- **What you need to do**
Go through the listing below and output exactly the line with "CAGE: 1LJX3", the line with "1. 21-135:1 —", and each line between; omit the rest.

----------

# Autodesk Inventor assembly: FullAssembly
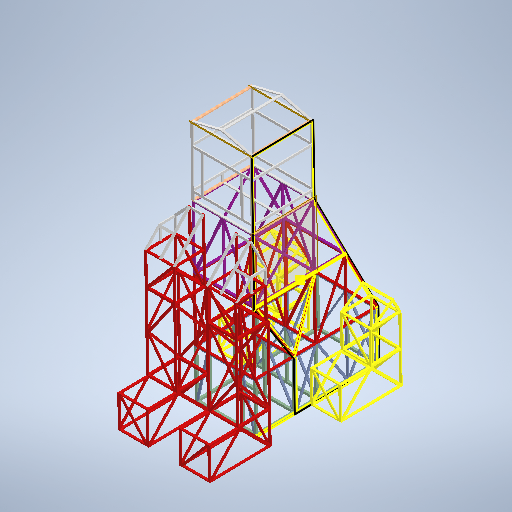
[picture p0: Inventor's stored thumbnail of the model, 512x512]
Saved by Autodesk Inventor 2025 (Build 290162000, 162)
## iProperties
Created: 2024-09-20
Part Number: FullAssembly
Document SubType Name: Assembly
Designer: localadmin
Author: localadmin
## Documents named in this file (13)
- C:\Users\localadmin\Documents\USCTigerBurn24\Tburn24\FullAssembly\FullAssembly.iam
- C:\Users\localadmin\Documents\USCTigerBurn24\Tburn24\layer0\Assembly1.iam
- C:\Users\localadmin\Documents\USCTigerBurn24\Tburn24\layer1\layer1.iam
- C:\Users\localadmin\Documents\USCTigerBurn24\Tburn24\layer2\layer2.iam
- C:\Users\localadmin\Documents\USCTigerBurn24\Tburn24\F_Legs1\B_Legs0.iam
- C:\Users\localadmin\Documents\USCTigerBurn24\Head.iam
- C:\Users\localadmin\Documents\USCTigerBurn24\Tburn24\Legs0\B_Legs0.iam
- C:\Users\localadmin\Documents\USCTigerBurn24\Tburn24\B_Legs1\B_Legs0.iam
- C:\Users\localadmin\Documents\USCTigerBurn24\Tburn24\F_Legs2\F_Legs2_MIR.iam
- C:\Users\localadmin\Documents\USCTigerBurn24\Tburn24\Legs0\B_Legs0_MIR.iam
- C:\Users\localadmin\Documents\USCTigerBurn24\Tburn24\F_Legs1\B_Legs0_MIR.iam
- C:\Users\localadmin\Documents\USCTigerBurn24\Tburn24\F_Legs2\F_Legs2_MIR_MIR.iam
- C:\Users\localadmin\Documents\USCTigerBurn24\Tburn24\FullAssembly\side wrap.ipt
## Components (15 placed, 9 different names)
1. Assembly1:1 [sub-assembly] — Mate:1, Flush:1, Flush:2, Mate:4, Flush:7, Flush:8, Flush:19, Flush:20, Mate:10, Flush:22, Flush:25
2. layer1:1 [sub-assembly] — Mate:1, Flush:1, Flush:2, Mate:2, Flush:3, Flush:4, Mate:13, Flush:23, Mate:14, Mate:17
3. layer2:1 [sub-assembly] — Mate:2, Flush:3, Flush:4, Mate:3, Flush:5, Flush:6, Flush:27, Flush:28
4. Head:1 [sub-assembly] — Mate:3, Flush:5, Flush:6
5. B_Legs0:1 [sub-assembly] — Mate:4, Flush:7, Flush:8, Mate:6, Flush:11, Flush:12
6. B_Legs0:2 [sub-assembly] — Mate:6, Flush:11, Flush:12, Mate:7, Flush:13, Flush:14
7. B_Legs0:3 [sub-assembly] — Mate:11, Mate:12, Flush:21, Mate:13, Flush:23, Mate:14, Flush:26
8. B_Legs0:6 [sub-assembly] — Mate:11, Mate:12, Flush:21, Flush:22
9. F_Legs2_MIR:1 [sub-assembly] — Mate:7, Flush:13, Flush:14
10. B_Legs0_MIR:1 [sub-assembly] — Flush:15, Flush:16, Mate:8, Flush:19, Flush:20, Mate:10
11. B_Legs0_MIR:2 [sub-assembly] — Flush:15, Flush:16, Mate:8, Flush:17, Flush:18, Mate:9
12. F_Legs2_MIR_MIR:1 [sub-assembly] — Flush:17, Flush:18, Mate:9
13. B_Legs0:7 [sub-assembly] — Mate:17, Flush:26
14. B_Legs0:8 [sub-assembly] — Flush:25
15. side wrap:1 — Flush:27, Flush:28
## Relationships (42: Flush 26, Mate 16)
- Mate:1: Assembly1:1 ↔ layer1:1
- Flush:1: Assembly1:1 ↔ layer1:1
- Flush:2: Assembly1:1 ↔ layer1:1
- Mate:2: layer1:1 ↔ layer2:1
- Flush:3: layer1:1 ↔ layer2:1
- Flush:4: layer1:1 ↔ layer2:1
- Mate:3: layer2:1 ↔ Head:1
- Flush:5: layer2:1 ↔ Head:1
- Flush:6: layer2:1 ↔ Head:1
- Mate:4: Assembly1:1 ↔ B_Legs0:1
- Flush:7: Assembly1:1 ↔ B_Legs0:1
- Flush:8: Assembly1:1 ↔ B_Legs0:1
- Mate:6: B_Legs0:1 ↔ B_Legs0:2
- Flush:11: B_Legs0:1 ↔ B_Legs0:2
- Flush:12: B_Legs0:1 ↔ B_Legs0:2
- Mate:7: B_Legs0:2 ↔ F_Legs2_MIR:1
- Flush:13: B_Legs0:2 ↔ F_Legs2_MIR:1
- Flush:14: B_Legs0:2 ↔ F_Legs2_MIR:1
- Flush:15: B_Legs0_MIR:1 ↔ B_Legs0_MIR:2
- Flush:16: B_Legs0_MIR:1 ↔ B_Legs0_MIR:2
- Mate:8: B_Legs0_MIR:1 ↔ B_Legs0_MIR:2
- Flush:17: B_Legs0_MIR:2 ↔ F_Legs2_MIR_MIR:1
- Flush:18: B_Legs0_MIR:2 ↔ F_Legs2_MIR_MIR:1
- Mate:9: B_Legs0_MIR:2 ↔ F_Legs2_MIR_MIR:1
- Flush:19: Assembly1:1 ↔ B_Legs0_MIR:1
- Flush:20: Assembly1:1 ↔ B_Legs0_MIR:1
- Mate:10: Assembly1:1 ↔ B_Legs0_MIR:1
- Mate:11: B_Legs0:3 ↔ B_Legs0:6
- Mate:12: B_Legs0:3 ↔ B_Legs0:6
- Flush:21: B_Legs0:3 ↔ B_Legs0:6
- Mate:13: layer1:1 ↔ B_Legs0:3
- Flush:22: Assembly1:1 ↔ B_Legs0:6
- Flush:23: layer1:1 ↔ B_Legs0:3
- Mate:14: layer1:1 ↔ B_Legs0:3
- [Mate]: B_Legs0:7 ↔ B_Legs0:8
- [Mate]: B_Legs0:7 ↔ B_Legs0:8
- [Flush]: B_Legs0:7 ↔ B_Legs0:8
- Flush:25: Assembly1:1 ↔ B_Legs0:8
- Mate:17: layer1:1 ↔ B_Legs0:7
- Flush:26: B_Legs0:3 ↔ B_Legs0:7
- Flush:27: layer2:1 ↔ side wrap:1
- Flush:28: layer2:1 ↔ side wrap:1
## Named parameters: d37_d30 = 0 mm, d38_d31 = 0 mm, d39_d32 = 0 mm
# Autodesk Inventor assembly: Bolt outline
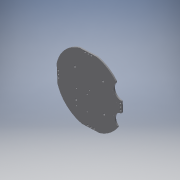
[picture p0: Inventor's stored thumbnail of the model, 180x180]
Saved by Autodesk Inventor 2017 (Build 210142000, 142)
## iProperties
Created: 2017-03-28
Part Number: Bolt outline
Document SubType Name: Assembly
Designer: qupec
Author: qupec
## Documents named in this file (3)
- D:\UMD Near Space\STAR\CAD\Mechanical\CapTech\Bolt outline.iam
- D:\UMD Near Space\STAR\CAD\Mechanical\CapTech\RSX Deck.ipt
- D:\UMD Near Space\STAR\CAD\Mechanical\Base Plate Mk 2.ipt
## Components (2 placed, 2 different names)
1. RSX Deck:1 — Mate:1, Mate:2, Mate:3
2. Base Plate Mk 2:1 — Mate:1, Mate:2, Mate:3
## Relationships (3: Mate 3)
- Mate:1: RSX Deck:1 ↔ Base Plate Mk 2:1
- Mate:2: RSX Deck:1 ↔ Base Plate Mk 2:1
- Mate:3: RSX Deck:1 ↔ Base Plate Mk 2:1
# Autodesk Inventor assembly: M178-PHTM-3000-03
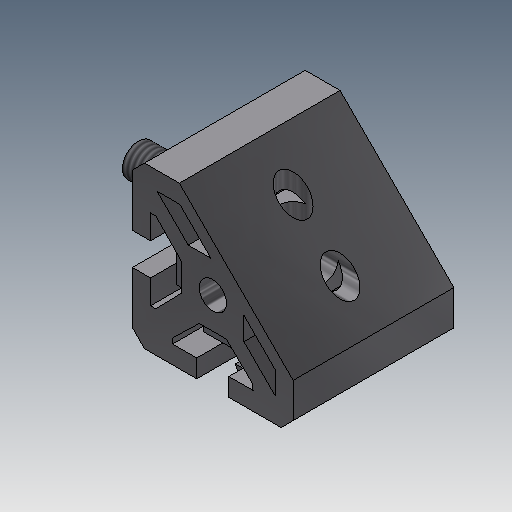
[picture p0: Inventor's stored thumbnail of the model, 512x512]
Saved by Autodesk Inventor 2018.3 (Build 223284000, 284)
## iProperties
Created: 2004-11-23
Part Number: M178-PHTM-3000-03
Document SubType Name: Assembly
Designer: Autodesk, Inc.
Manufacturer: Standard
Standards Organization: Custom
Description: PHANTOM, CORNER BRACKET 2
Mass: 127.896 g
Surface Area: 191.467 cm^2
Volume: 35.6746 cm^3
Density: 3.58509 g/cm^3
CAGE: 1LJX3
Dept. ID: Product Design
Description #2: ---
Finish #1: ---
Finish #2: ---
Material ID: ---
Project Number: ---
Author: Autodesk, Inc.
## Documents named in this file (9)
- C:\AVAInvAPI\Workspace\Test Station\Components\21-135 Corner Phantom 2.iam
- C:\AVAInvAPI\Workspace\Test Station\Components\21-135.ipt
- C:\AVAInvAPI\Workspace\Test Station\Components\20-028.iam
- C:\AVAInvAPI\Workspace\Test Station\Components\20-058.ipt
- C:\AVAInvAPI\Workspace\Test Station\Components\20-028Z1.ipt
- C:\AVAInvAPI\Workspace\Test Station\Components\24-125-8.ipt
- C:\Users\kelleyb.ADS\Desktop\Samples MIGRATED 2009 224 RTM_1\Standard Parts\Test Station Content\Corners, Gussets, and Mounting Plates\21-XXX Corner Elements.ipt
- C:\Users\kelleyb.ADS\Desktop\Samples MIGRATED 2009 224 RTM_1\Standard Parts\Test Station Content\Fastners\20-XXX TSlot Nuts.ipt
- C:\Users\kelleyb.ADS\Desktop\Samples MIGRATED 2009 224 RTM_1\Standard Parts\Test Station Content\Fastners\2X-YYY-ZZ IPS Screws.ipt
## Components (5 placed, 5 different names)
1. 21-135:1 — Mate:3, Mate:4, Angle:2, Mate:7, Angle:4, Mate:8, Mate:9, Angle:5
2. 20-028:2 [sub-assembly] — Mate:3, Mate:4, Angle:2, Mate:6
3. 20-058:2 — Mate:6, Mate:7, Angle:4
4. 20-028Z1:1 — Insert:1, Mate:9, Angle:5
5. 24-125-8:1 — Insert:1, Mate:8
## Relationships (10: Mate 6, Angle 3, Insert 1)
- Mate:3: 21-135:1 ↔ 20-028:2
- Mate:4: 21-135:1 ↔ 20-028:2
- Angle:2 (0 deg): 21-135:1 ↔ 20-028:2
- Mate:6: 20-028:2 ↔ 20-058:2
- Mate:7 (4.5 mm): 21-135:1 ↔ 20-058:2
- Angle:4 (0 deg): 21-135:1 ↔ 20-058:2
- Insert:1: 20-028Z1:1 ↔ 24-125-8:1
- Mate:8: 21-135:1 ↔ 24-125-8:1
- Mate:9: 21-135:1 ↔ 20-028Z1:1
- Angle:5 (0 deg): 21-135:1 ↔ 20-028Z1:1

----------

- **Exercise answer**
CAGE: 1LJX3
Dept. ID: Product Design
Description #2: ---
Finish #1: ---
Finish #2: ---
Material ID: ---
Project Number: ---
Author: Autodesk, Inc.
## Documents named in this file (9)
- C:\AVAInvAPI\Workspace\Test Station\Components\21-135 Corner Phantom 2.iam
- C:\AVAInvAPI\Workspace\Test Station\Components\21-135.ipt
- C:\AVAInvAPI\Workspace\Test Station\Components\20-028.iam
- C:\AVAInvAPI\Workspace\Test Station\Components\20-058.ipt
- C:\AVAInvAPI\Workspace\Test Station\Components\20-028Z1.ipt
- C:\AVAInvAPI\Workspace\Test Station\Components\24-125-8.ipt
- C:\Users\kelleyb.ADS\Desktop\Samples MIGRATED 2009 224 RTM_1\Standard Parts\Test Station Content\Corners, Gussets, and Mounting Plates\21-XXX Corner Elements.ipt
- C:\Users\kelleyb.ADS\Desktop\Samples MIGRATED 2009 224 RTM_1\Standard Parts\Test Station Content\Fastners\20-XXX TSlot Nuts.ipt
- C:\Users\kelleyb.ADS\Desktop\Samples MIGRATED 2009 224 RTM_1\Standard Parts\Test Station Content\Fastners\2X-YYY-ZZ IPS Screws.ipt
## Components (5 placed, 5 different names)
1. 21-135:1 — Mate:3, Mate:4, Angle:2, Mate:7, Angle:4, Mate:8, Mate:9, Angle:5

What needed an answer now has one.